▶ _About this task_: Your copy should match the records below exactly, except for the pictures.

▶ _Data shown_:

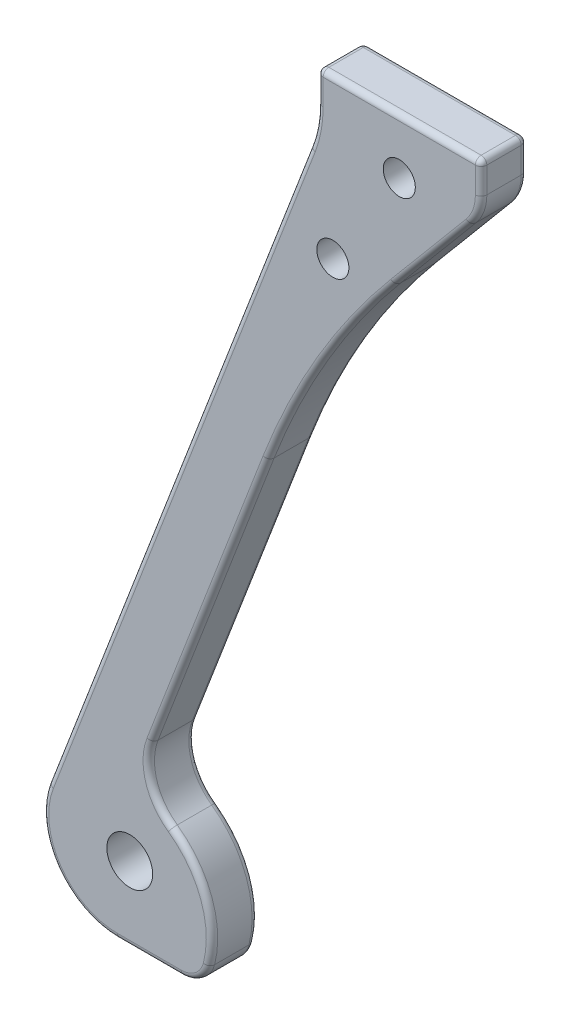
from build123d import *

# Parameters (mm, degrees)
SKETCH_1_R               = 1.4
SKETCH_1_R_2             = 2
EXTRUDE_1_DEPTH          = 4
FILLET_1_R               = 66
CUT_EXTRUDE_1_DEPTH      = 145.092986744
CUT_EXTRUDE_1_DEPTH_BACK = 145.092986744
SKETCH_2_W               = 17.6
SKETCH_2_H               = 11.1
FILLET_3_R               = 0.5
FILLET_4_R               = 0.5


with BuildPart() as part:
    # 草图1 → 凸台-拉伸1 (new body)
    with BuildSketch(Plane.XY):
        with BuildLine():
            Line((-97.873903688, 10.8), (-85.873903688, 10.8))
            ThreePointArc((-85.873903688, 10.8), (-83.8940047, 9.979898987), (-83.073903688, 8))
            ThreePointArc((-83.073903688, 8), (-83.1796222, 7.237866637), (-83.48879459, 6.53328442))
            Line((-83.48879459, 6.53328442), (-84.431683177, 5))
            ThreePointArc((-84.431683177, 5), (-84.652520599, 4.496726988), (-84.728033822, 3.952346014))
            Line((-84.728033822, 3.952346014), (-84.728033822, -3.047653986))
            ThreePointArc((-84.728033822, -3.047653986), (-84.969263339, -4.415734559), (-85.66385605, -5.618804425))
            Line((-85.66385605, -5.618804425), (-99.33833884, -21.915418417))
            Line((-99.33833884, -21.915418417), (-113.429667528, -58.624584688))
            ThreePointArc((-113.429667528, -58.624584688), (-113.541543089, -61.69465347), (-111.747141559, -64.18823756))
            ThreePointArc((-111.747141559, -64.18823756), (-108.724804348, -68.153933924), (-108.495917327, -73.134785316))
            ThreePointArc((-108.495917327, -73.134785316), (-109.387053216, -74.479515508), (-110.913984241, -75))
            Line((-110.913984241, -75), (-116.470682802, -75))
            ThreePointArc((-116.470682802, -75), (-121.827503028, -72.18164054), (-122.538955574, -66.170608328))
            Line((-122.538955574, -66.170608328), (-99.683969288, -6.631333481))
            ThreePointArc((-99.683969288, -6.631333481), (-99.187224477, -4.870009241), (-99.019773553, -3.047653986))
            Line((-99.019773553, -3.047653986), (-99.019773553, 3.952346014))
            ThreePointArc((-99.019773553, 3.952346014), (-99.095286776, 4.496726988), (-99.316124198, 5))
            Line((-99.316124198, 5), (-100.259012785, 6.53328442))
            ThreePointArc((-100.259012785, 6.53328442), (-100.568185176, 7.237866637), (-100.673903688, 8))
            ThreePointArc((-100.673903688, 8), (-99.853802675, 9.979898987), (-97.873903688, 10.8))
        make_face()
        with Locations((-85.873903688, 8)):
            Circle(SKETCH_1_R, mode=Mode.SUBTRACT)
        with Locations((-97.873903688, 8)):
            Circle(SKETCH_1_R, mode=Mode.SUBTRACT)
        with Locations((-97.673903688, -14.1)):
            Circle(SKETCH_1_R, mode=Mode.SUBTRACT)
        with Locations((-91.873903688, -5.1)):
            Circle(SKETCH_1_R, mode=Mode.SUBTRACT)
        with Locations((-115.399537808, -68.5)):
            Circle(SKETCH_1_R_2, mode=Mode.SUBTRACT)
        with BuildLine():
            Line((-88.763801636, 5.1), (-94.984005739, 5.1))
            ThreePointArc((-94.984005739, 5.1), (-95.172987976, 5.13708995), (-95.333932845, 5.242857143))
            ThreePointArc((-95.333932845, 5.242857143), (-95.615325044, 5.241421356), (-95.61676083, 4.960029158))
            ThreePointArc((-95.61676083, 4.960029158), (-95.510993638, 4.799084288), (-95.473903688, 4.610102051))
            Line((-95.473903688, 4.610102051), (-95.473903688, 0.389897949))
            ThreePointArc((-95.473903688, 0.389897949), (-95.510993638, 0.200915712), (-95.61676083, 0.039970842))
            ThreePointArc((-95.61676083, 0.039970842), (-95.615325044, -0.241421356), (-95.333932845, -0.242857143))
            ThreePointArc((-95.333932845, -0.242857143), (-95.172987976, -0.13708995), (-94.984005739, -0.1))
            Line((-94.984005739, -0.1), (-88.763801636, -0.1))
            ThreePointArc((-88.763801636, -0.1), (-88.5748194, -0.13708995), (-88.41387453, -0.242857143))
            ThreePointArc((-88.41387453, -0.242857143), (-88.132482331, -0.241421356), (-88.131046545, 0.039970842))
            ThreePointArc((-88.131046545, 0.039970842), (-88.236813737, 0.200915712), (-88.273903688, 0.389897949))
            Line((-88.273903688, 0.389897949), (-88.273903688, 4.610102051))
            ThreePointArc((-88.273903688, 4.610102051), (-88.236813737, 4.799084288), (-88.131046545, 4.960029158))
            ThreePointArc((-88.131046545, 4.960029158), (-88.132482331, 5.241421356), (-88.41387453, 5.242857143))
            ThreePointArc((-88.41387453, 5.242857143), (-88.5748194, 5.13708995), (-88.763801636, 5.1))
        make_face(mode=Mode.SUBTRACT)
    extrude(amount=EXTRUDE_1_DEPTH)

    # 圆角1
    fillet_1_edges = [part.edges().sort_by_distance(p)[0] for p in [
        (-99.33833884, -21.915418417, 2),
    ]]
    fillet(fillet_1_edges, radius=FILLET_1_R)

    # 草图2 → 切除-拉伸1 (cut, two sides: drawn at the far end of the back side and taken through both)
    with BuildSketch(Plane.XY.offset(4).offset(-CUT_EXTRUDE_1_DEPTH_BACK)):
        with Locations((-91.873903688, 5.25)):
            Rectangle(SKETCH_2_W, SKETCH_2_H)
    extrude(amount=CUT_EXTRUDE_1_DEPTH + CUT_EXTRUDE_1_DEPTH_BACK, mode=Mode.SUBTRACT)

    # 圆角3
    fillet_3_edges = [part.edges().sort_by_distance(p)[0] for p in [
        (-84.728033822, -0.3, 2),
        (-99.019773553, -0.3, 2),
    ]]
    fillet(fillet_3_edges, radius=FILLET_3_R)

    # 圆角4
    fillet_4_edges = [part.edges().sort_by_distance(p)[0] for p in [
        (-88.951427507, -9.53677952, 0),
        (-84.969263339, -4.415734559, 0),
        (-84.728033822, -1.923826993, 0),
        (-84.874480431, -0.446446609, 0),
        (-91.873903688, -0.3, 0),
        (-98.873326944, -0.446446609, 0),
        (-99.019773553, -1.923826993, 0),
        (-99.187224477, -4.870009241, 0),
        (-111.111462431, -36.400970905, 0),
        (-121.827503028, -72.18164054, 0),
        (-113.692333521, -75, 0),
        (-109.387053216, -74.479515508, 0),
        (-108.724804348, -68.153933924, 0),
        (-113.541543089, -61.69465347, 0),
        (-108.363020698, -45.425518437, 0),
        (-108.363020698, -45.425518437, 4),
        (-113.541543089, -61.69465347, 4),
        (-108.724804348, -68.153933924, 4),
        (-109.387053216, -74.479515508, 4),
        (-113.692333521, -75, 4),
        (-121.827503028, -72.18164054, 4),
        (-111.111462431, -36.400970905, 4),
        (-99.187224477, -4.870009241, 4),
        (-99.019773553, -1.923826993, 4),
        (-98.873326944, -0.446446609, 4),
        (-91.873903688, -0.3, 4),
        (-84.874480431, -0.446446609, 4),
        (-84.728033822, -1.923826993, 4),
        (-84.969263339, -4.415734559, 4),
        (-88.951427507, -9.53677952, 4),
        (-98.547590308, -22.3812049, 0),
        (-98.547590308, -22.3812049, 4),
    ]]
    fillet(fillet_4_edges, radius=FILLET_4_R)


solid = part.part

▶ _Written reply_:
from build123d import *

# Parameters (mm, degrees)
SKETCH_1_R               = 1.4
SKETCH_1_R_2             = 2
EXTRUDE_1_DEPTH          = 4
FILLET_1_R               = 66
CUT_EXTRUDE_1_DEPTH      = 145.092986744
CUT_EXTRUDE_1_DEPTH_BACK = 145.092986744
SKETCH_2_W               = 17.6
SKETCH_2_H               = 11.1
FILLET_3_R               = 0.5
FILLET_4_R               = 0.5


with BuildPart() as part:
    # 草图1 → 凸台-拉伸1 (new body)
    with BuildSketch(Plane.XY):
        with BuildLine():
            Line((-97.873903688, 10.8), (-85.873903688, 10.8))
            ThreePointArc((-85.873903688, 10.8), (-83.8940047, 9.979898987), (-83.073903688, 8))
            ThreePointArc((-83.073903688, 8), (-83.1796222, 7.237866637), (-83.48879459, 6.53328442))
            Line((-83.48879459, 6.53328442), (-84.431683177, 5))
            ThreePointArc((-84.431683177, 5), (-84.652520599, 4.496726988), (-84.728033822, 3.952346014))
            Line((-84.728033822, 3.952346014), (-84.728033822, -3.047653986))
            ThreePointArc((-84.728033822, -3.047653986), (-84.969263339, -4.415734559), (-85.66385605, -5.618804425))
            Line((-85.66385605, -5.618804425), (-99.33833884, -21.915418417))
            Line((-99.33833884, -21.915418417), (-113.429667528, -58.624584688))
            ThreePointArc((-113.429667528, -58.624584688), (-113.541543089, -61.69465347), (-111.747141559, -64.18823756))
            ThreePointArc((-111.747141559, -64.18823756), (-108.724804348, -68.153933924), (-108.495917327, -73.134785316))
            ThreePointArc((-108.495917327, -73.134785316), (-109.387053216, -74.479515508), (-110.913984241, -75))
            Line((-110.913984241, -75), (-116.470682802, -75))
            ThreePointArc((-116.470682802, -75), (-121.827503028, -72.18164054), (-122.538955574, -66.170608328))
            Line((-122.538955574, -66.170608328), (-99.683969288, -6.631333481))
            ThreePointArc((-99.683969288, -6.631333481), (-99.187224477, -4.870009241), (-99.019773553, -3.047653986))
            Line((-99.019773553, -3.047653986), (-99.019773553, 3.952346014))
            ThreePointArc((-99.019773553, 3.952346014), (-99.095286776, 4.496726988), (-99.316124198, 5))
            Line((-99.316124198, 5), (-100.259012785, 6.53328442))
            ThreePointArc((-100.259012785, 6.53328442), (-100.568185176, 7.237866637), (-100.673903688, 8))
            ThreePointArc((-100.673903688, 8), (-99.853802675, 9.979898987), (-97.873903688, 10.8))
        make_face()
        with Locations((-85.873903688, 8)):
            Circle(SKETCH_1_R, mode=Mode.SUBTRACT)
        with Locations((-97.873903688, 8)):
            Circle(SKETCH_1_R, mode=Mode.SUBTRACT)
        with Locations((-97.673903688, -14.1)):
            Circle(SKETCH_1_R, mode=Mode.SUBTRACT)
        with Locations((-91.873903688, -5.1)):
            Circle(SKETCH_1_R, mode=Mode.SUBTRACT)
        with Locations((-115.399537808, -68.5)):
            Circle(SKETCH_1_R_2, mode=Mode.SUBTRACT)
        with BuildLine():
            Line((-88.763801636, 5.1), (-94.984005739, 5.1))
            ThreePointArc((-94.984005739, 5.1), (-95.172987976, 5.13708995), (-95.333932845, 5.242857143))
            ThreePointArc((-95.333932845, 5.242857143), (-95.615325044, 5.241421356), (-95.61676083, 4.960029158))
            ThreePointArc((-95.61676083, 4.960029158), (-95.510993638, 4.799084288), (-95.473903688, 4.610102051))
            Line((-95.473903688, 4.610102051), (-95.473903688, 0.389897949))
            ThreePointArc((-95.473903688, 0.389897949), (-95.510993638, 0.200915712), (-95.61676083, 0.039970842))
            ThreePointArc((-95.61676083, 0.039970842), (-95.615325044, -0.241421356), (-95.333932845, -0.242857143))
            ThreePointArc((-95.333932845, -0.242857143), (-95.172987976, -0.13708995), (-94.984005739, -0.1))
            Line((-94.984005739, -0.1), (-88.763801636, -0.1))
            ThreePointArc((-88.763801636, -0.1), (-88.5748194, -0.13708995), (-88.41387453, -0.242857143))
            ThreePointArc((-88.41387453, -0.242857143), (-88.132482331, -0.241421356), (-88.131046545, 0.039970842))
            ThreePointArc((-88.131046545, 0.039970842), (-88.236813737, 0.200915712), (-88.273903688, 0.389897949))
            Line((-88.273903688, 0.389897949), (-88.273903688, 4.610102051))
            ThreePointArc((-88.273903688, 4.610102051), (-88.236813737, 4.799084288), (-88.131046545, 4.960029158))
            ThreePointArc((-88.131046545, 4.960029158), (-88.132482331, 5.241421356), (-88.41387453, 5.242857143))
            ThreePointArc((-88.41387453, 5.242857143), (-88.5748194, 5.13708995), (-88.763801636, 5.1))
        make_face(mode=Mode.SUBTRACT)
    extrude(amount=EXTRUDE_1_DEPTH)

    # 圆角1
    fillet_1_edges = [part.edges().sort_by_distance(p)[0] for p in [
        (-99.33833884, -21.915418417, 2),
    ]]
    fillet(fillet_1_edges, radius=FILLET_1_R)

    # 草图2 → 切除-拉伸1 (cut, two sides: drawn at the far end of the back side and taken through both)
    with BuildSketch(Plane.XY.offset(4).offset(-CUT_EXTRUDE_1_DEPTH_BACK)):
        with Locations((-91.873903688, 5.25)):
            Rectangle(SKETCH_2_W, SKETCH_2_H)
    extrude(amount=CUT_EXTRUDE_1_DEPTH + CUT_EXTRUDE_1_DEPTH_BACK, mode=Mode.SUBTRACT)

    # 圆角3
    fillet_3_edges = [part.edges().sort_by_distance(p)[0] for p in [
        (-84.728033822, -0.3, 2),
        (-99.019773553, -0.3, 2),
    ]]
    fillet(fillet_3_edges, radius=FILLET_3_R)

    # 圆角4
    fillet_4_edges = [part.edges().sort_by_distance(p)[0] for p in [
        (-88.951427507, -9.53677952, 0),
        (-84.969263339, -4.415734559, 0),
        (-84.728033822, -1.923826993, 0),
        (-84.874480431, -0.446446609, 0),
        (-91.873903688, -0.3, 0),
        (-98.873326944, -0.446446609, 0),
        (-99.019773553, -1.923826993, 0),
        (-99.187224477, -4.870009241, 0),
        (-111.111462431, -36.400970905, 0),
        (-121.827503028, -72.18164054, 0),
        (-113.692333521, -75, 0),
        (-109.387053216, -74.479515508, 0),
        (-108.724804348, -68.153933924, 0),
        (-113.541543089, -61.69465347, 0),
        (-108.363020698, -45.425518437, 0),
        (-108.363020698, -45.425518437, 4),
        (-113.541543089, -61.69465347, 4),
        (-108.724804348, -68.153933924, 4),
        (-109.387053216, -74.479515508, 4),
        (-113.692333521, -75, 4),
        (-121.827503028, -72.18164054, 4),
        (-111.111462431, -36.400970905, 4),
        (-99.187224477, -4.870009241, 4),
        (-99.019773553, -1.923826993, 4),
        (-98.873326944, -0.446446609, 4),
        (-91.873903688, -0.3, 4),
        (-84.874480431, -0.446446609, 4),
        (-84.728033822, -1.923826993, 4),
        (-84.969263339, -4.415734559, 4),
        (-88.951427507, -9.53677952, 4),
        (-98.547590308, -22.3812049, 0),
        (-98.547590308, -22.3812049, 4),
    ]]
    fillet(fillet_4_edges, radius=FILLET_4_R)


solid = part.part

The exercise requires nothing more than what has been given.